WORK TO BE COMPLETED |
When you reach the line that contains "[picture b1s1: schematic PI3523_EVAL_v2.sch]" in the data below, start reproducing lines exactly, and stop after the line that contains "R4: ERA-3AEB1241V; RES_ERA3A_PAN".

RECORD EXCERPTS |
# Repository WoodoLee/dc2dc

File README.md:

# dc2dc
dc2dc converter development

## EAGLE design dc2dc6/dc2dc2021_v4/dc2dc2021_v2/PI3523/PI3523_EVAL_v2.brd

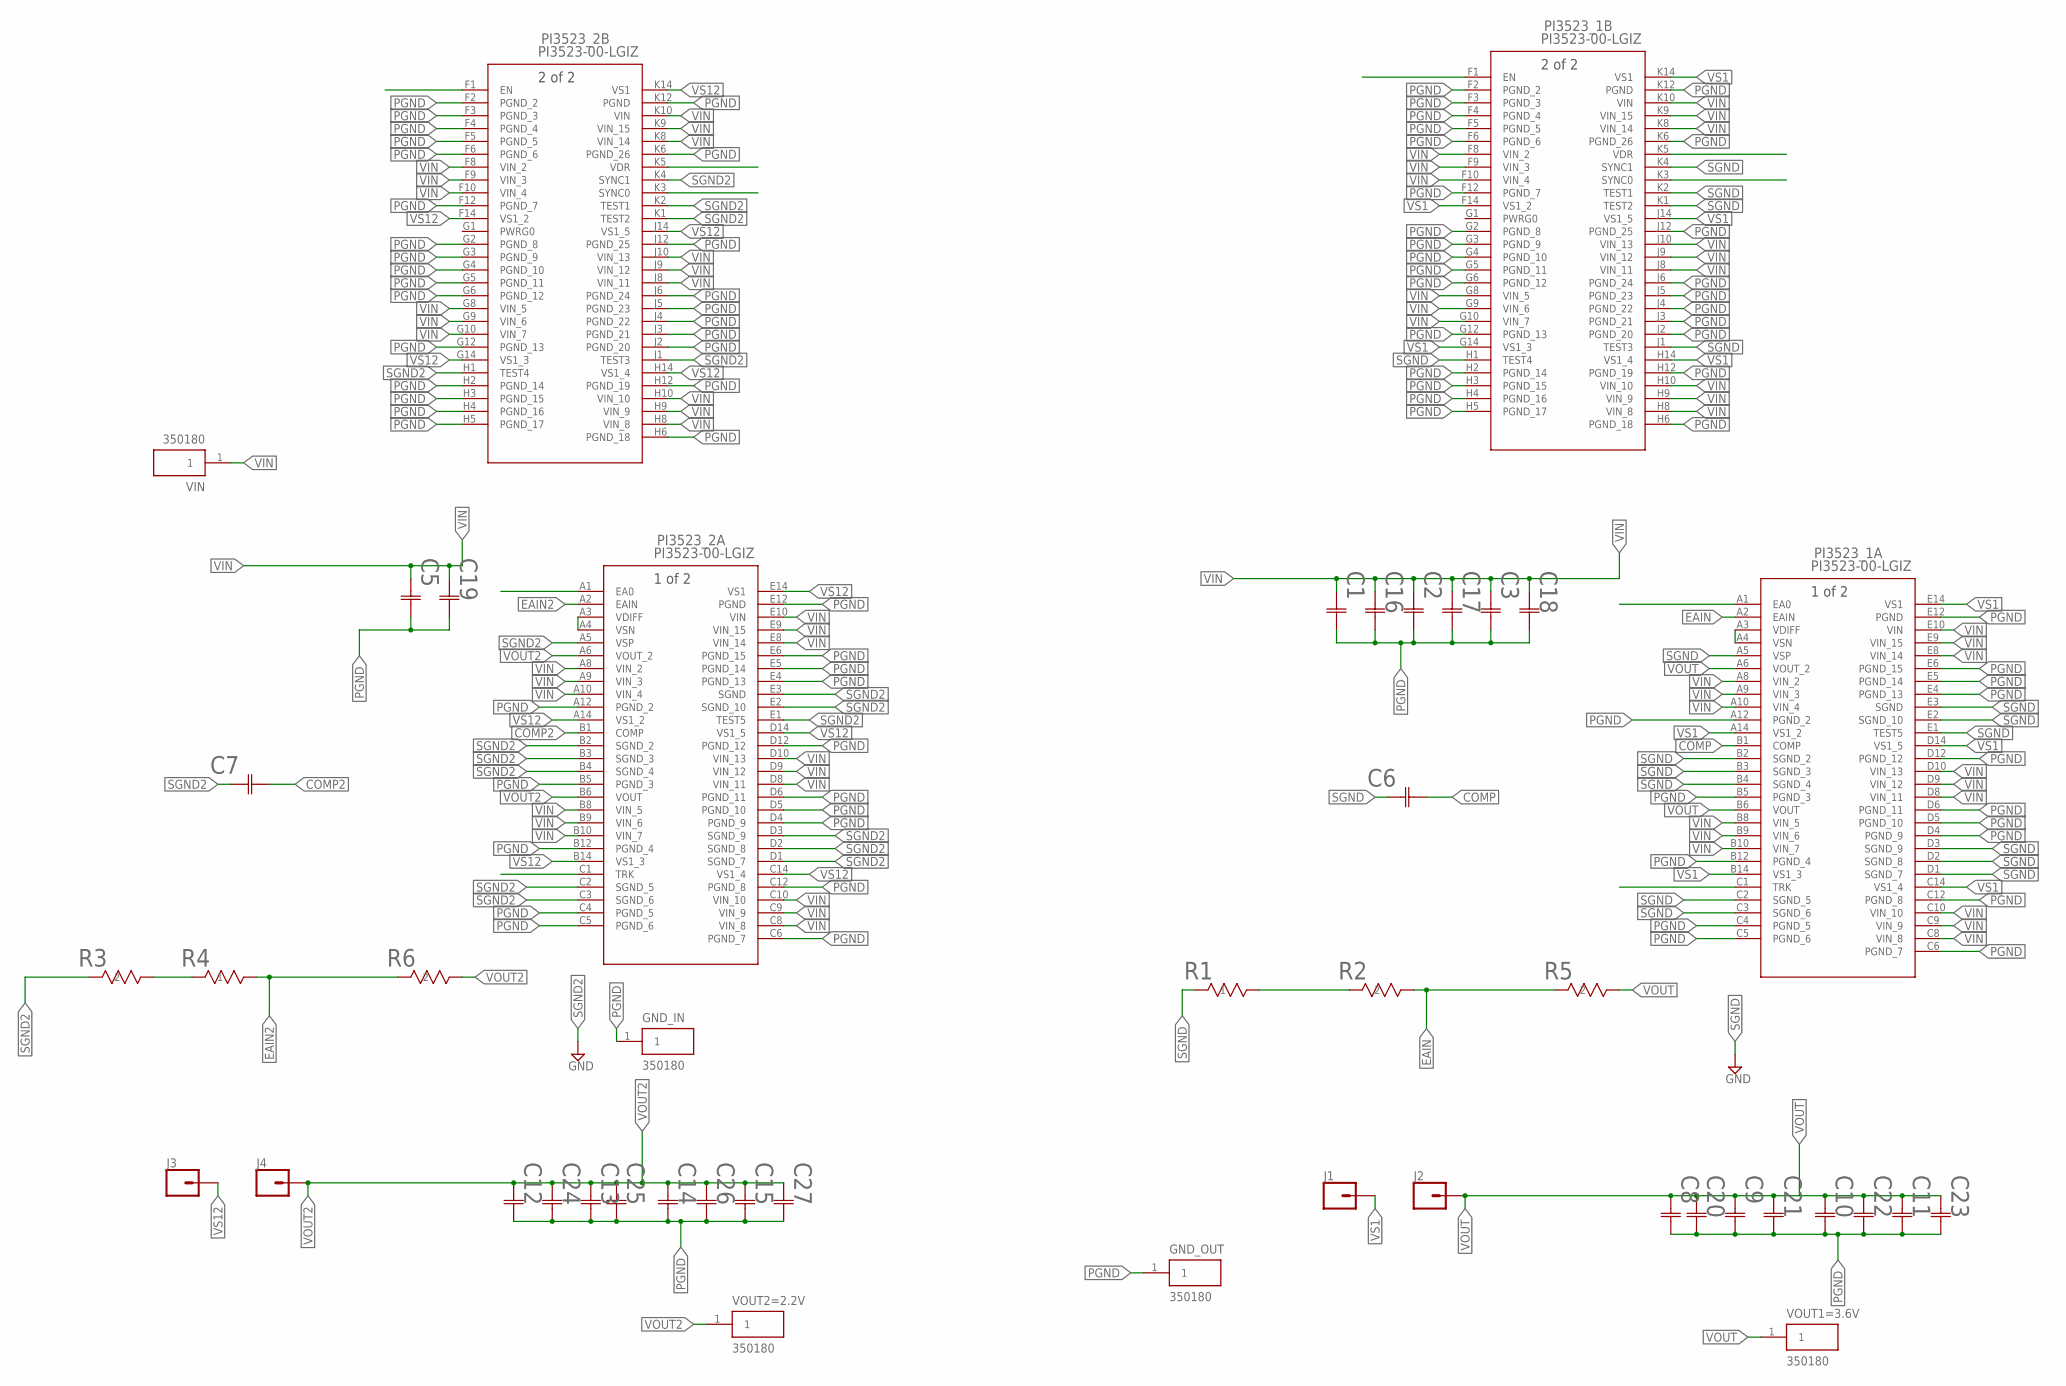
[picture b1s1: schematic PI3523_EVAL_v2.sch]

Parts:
C1, C2, C3, C5, C16, C17, C18, C19: GRM32ER72A225KA35L; G-32_MUR
C6, C7: C1608C0G2A472J080AC; CAP_C1608_TDK
C8, C9, C10, C11, C12, C13, C14, C15, C20, C21, C22, C23, C24, C25, C26, C27: GRM32EC80J107ME20L; G-32_MUR
GND_IN: 350180; TE_350180
GND_OUT: 350180; TE_350180
J1, J2, J3, J4: CONN_01; 1X01
PI3523_1, PI3523_2: PI3523-00-LGIZ; LGA_PI3523-00-LGIZ_VIC
R1: RL0816S-2R2-F; RES_0816_SUS
R2: RT0603BRD072K7L; RC0603N_YAG
R3: ERJ-3EKF12R4V; RC0603N_PAN
R4: ERA-3AEB1241V; RES_ERA3A_PAN
R5, R6: RT0603BRE072K4L; RC0603N_YAG
VIN: 350180; TE_350180
VOUT1=3.6V, VOUT2=2.2V: 350180; TE_350180

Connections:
COMP: C6.2, PI3523_1.B1 (COMP)
COMP2: C7.2, PI3523_2.B1 (COMP)
EAIN: PI3523_1.A2 (EAIN), R2.1, R5.2
EAIN2: PI3523_2.A2 (EAIN), R4.2, R6.2
unnamed: R3.1, R4.1
unnamed: PI3523_2.A3 (VDIFF), PI3523_2.A4 (VSN)
unnamed: PI3523_1.A3 (VDIFF), PI3523_1.A4 (VSN)
PGND: C1.2, C2.2, C3.2, C5.2, C8.2, C9.2, C10.2, C11.2, C12.2, C13.2, C14.2, C15.2, C16.2, C17.2, C18.2, C19.2, C20.2, C21.2, C22.2, C23.2, C24.2, C25.2, C26.2, C27.2, GND_IN.1, GND_OUT.1, PI3523_1.A12 (PGND_2), PI3523_1.B5 (PGND_3), PI3523_1.B12 (PGND_4), PI3523_1.C4 (PGND_5), PI3523_1.C5 (PGND_6), PI3523_1.C6 (PGND_7), PI3523_1.C12 (PGND_8), PI3523_1.D4 (PGND_9), PI3523_1.D5 (PGND_10), PI3523_1.D6 (PGND_11), PI3523_1.D12 (PGND_12), PI3523_1.E4 (PGND_13), PI3523_1.E5 (PGND_14), PI3523_1.E6 (PGND_15), PI3523_1.E12 (PGND), PI3523_1.F2 (PGND_2), PI3523_1.F3 (PGND_3), PI3523_1.F4 (PGND_4), PI3523_1.F5 (PGND_5), PI3523_1.F6 (PGND_6), PI3523_1.F12 (PGND_7), PI3523_1.G2 (PGND_8), PI3523_1.G3 (PGND_9), PI3523_1.G4 (PGND_10), PI3523_1.G5 (PGND_11), PI3523_1.G6 (PGND_12), PI3523_1.G12 (PGND_13), PI3523_1.H2 (PGND_14), PI3523_1.H3 (PGND_15), PI3523_1.H4 (PGND_16), PI3523_1.H5 (PGND_17), PI3523_1.H6 (PGND_18), PI3523_1.H12 (PGND_19), PI3523_1.J2 (PGND_20), PI3523_1.J3 (PGND_21), PI3523_1.J4 (PGND_22), PI3523_1.J5 (PGND_23), PI3523_1.J6 (PGND_24), PI3523_1.J12 (PGND_25), PI3523_1.K6 (PGND_26), PI3523_1.K12 (PGND), PI3523_2.A12 (PGND_2), PI3523_2.B5 (PGND_3), PI3523_2.B12 (PGND_4), PI3523_2.C4 (PGND_5), PI3523_2.C5 (PGND_6), PI3523_2.C6 (PGND_7), PI3523_2.C12 (PGND_8), PI3523_2.D4 (PGND_9), PI3523_2.D5 (PGND_10), PI3523_2.D6 (PGND_11), PI3523_2.D12 (PGND_12), PI3523_2.E4 (PGND_13), PI3523_2.E5 (PGND_14), PI3523_2.E6 (PGND_15), PI3523_2.E12 (PGND), PI3523_2.F2 (PGND_2), PI3523_2.F3 (PGND_3), PI3523_2.F4 (PGND_4), PI3523_2.F5 (PGND_5), PI3523_2.F6 (PGND_6), PI3523_2.F12 (PGND_7), PI3523_2.G2 (PGND_8), PI3523_2.G3 (PGND_9), PI3523_2.G4 (PGND_10), PI3523_2.G5 (PGND_11), PI3523_2.G6 (PGND_12), PI3523_2.G12 (PGND_13), PI3523_2.H2 (PGND_14), PI3523_2.H3 (PGND_15), PI3523_2.H4 (PGND_16), PI3523_2.H5 (PGND_17), PI3523_2.H6 (PGND_18), PI3523_2.H12 (PGND_19), PI3523_2.J2 (PGND_20), PI3523_2.J3 (PGND_21), PI3523_2.J4 (PGND_22), PI3523_2.J5 (PGND_23), PI3523_2.J6 (PGND_24), PI3523_2.J12 (PGND_25), PI3523_2.K6 (PGND_26), PI3523_2.K12 (PGND)
R21_1: R1.2, R2.2
SGND: C6.1, PI3523_1.A5 (VSP), PI3523_1.B2 (SGND_2), PI3523_1.B3 (SGND_3), PI3523_1.B4 (SGND_4), PI3523_1.C2 (SGND_5), PI3523_1.C3 (SGND_6), PI3523_1.D1 (SGND_7), PI3523_1.D2 (SGND_8), PI3523_1.D3 (SGND_9), PI3523_1.E1 (TEST5), PI3523_1.E2 (SGND_10), PI3523_1.E3 (SGND), PI3523_1.H1 (TEST4), PI3523_1.J1 (TEST3), PI3523_1.K1 (TEST2), PI3523_1.K2 (TEST1), PI3523_1.K4 (SYNC1), R1.1
SGND2: C7.1, PI3523_2.A5 (VSP), PI3523_2.B2 (SGND_2), PI3523_2.B3 (SGND_3), PI3523_2.B4 (SGND_4), PI3523_2.C2 (SGND_5), PI3523_2.C3 (SGND_6), PI3523_2.D1 (SGND_7), PI3523_2.D2 (SGND_8), PI3523_2.D3 (SGND_9), PI3523_2.E1 (TEST5), PI3523_2.E2 (SGND_10), PI3523_2.E3 (SGND), PI3523_2.H1 (TEST4), PI3523_2.J1 (TEST3), PI3523_2.K1 (TEST2), PI3523_2.K2 (TEST1), PI3523_2.K4 (SYNC1), R3.2
VIN: C1.1, C2.1, C3.1, C5.1, C16.1, C17.1, C18.1, C19.1, PI3523_1.A8 (VIN_2), PI3523_1.A9 (VIN_3), PI3523_1.A10 (VIN_4), PI3523_1.B8 (VIN_5), PI3523_1.B9 (VIN_6), PI3523_1.B10 (VIN_7), PI3523_1.C8 (VIN_8), PI3523_1.C9 (VIN_9), PI3523_1.C10 (VIN_10), PI3523_1.D8 (VIN_11), PI3523_1.D9 (VIN_12), PI3523_1.D10 (VIN_13), PI3523_1.E8 (VIN_14), PI3523_1.E9 (VIN_15), PI3523_1.E10 (VIN), PI3523_1.F8 (VIN_2), PI3523_1.F9 (VIN_3), PI3523_1.F10 (VIN_4), PI3523_1.G8 (VIN_5), PI3523_1.G9 (VIN_6), PI3523_1.G10 (VIN_7), PI3523_1.H8 (VIN_8), PI3523_1.H9 (VIN_9), PI3523_1.H10 (VIN_10), PI3523_1.J8 (VIN_11), PI3523_1.J9 (VIN_12), PI3523_1.J10 (VIN_13), PI3523_1.K8 (VIN_14), PI3523_1.K9 (VIN_15), PI3523_1.K10 (VIN), PI3523_2.A8 (VIN_2), PI3523_2.A9 (VIN_3), PI3523_2.A10 (VIN_4), PI3523_2.B8 (VIN_5), PI3523_2.B9 (VIN_6), PI3523_2.B10 (VIN_7), PI3523_2.C8 (VIN_8), PI3523_2.C9 (VIN_9), PI3523_2.C10 (VIN_10), PI3523_2.D8 (VIN_11), PI3523_2.D9 (VIN_12), PI3523_2.D10 (VIN_13), PI3523_2.E8 (VIN_14), PI3523_2.E9 (VIN_15), PI3523_2.E10 (VIN), PI3523_2.F8 (VIN_2), PI3523_2.F9 (VIN_3), PI3523_2.F10 (VIN_4), PI3523_2.G8 (VIN_5), PI3523_2.G9 (VIN_6), PI3523_2.G10 (VIN_7), PI3523_2.H8 (VIN_8), PI3523_2.H9 (VIN_9), PI3523_2.H10 (VIN_10), PI3523_2.J8 (VIN_11), PI3523_2.J9 (VIN_12), PI3523_2.J10 (VIN_13), PI3523_2.K8 (VIN_14), PI3523_2.K9 (VIN_15), PI3523_2.K10 (VIN), VIN.1
VOUT: C8.1, C9.1, C10.1, C11.1, C20.1, C21.1, C22.1, C23.1, J2.1, PI3523_1.A6 (VOUT_2), PI3523_1.B6 (VOUT), R5.1, VOUT1=3.6V.1
VOUT2: C12.1, C13.1, C14.1, C15.1, C24.1, C25.1, C26.1, C27.1, J4.1, PI3523_2.A6 (VOUT_2), PI3523_2.B6 (VOUT), R6.1, VOUT2=2.2V.1
VS1: J1.1, PI3523_1.A14 (VS1_2), PI3523_1.B14 (VS1_3), PI3523_1.C14 (VS1_4), PI3523_1.D14 (VS1_5), PI3523_1.E14 (VS1), PI3523_1.F14 (VS1_2), PI3523_1.G14 (VS1_3), PI3523_1.H14 (VS1_4), PI3523_1.J14 (VS1_5), PI3523_1.K14 (VS1)
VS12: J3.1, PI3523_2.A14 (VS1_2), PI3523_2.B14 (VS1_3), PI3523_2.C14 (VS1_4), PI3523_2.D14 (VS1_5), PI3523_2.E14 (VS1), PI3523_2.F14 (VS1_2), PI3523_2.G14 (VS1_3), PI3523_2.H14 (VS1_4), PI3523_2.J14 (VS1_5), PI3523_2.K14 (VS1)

RESULT OF THE EXERCISE |
[picture b1s1: schematic PI3523_EVAL_v2.sch]

Parts:
C1, C2, C3, C5, C16, C17, C18, C19: GRM32ER72A225KA35L; G-32_MUR
C6, C7: C1608C0G2A472J080AC; CAP_C1608_TDK
C8, C9, C10, C11, C12, C13, C14, C15, C20, C21, C22, C23, C24, C25, C26, C27: GRM32EC80J107ME20L; G-32_MUR
GND_IN: 350180; TE_350180
GND_OUT: 350180; TE_350180
J1, J2, J3, J4: CONN_01; 1X01
PI3523_1, PI3523_2: PI3523-00-LGIZ; LGA_PI3523-00-LGIZ_VIC
R1: RL0816S-2R2-F; RES_0816_SUS
R2: RT0603BRD072K7L; RC0603N_YAG
R3: ERJ-3EKF12R4V; RC0603N_PAN
R4: ERA-3AEB1241V; RES_ERA3A_PAN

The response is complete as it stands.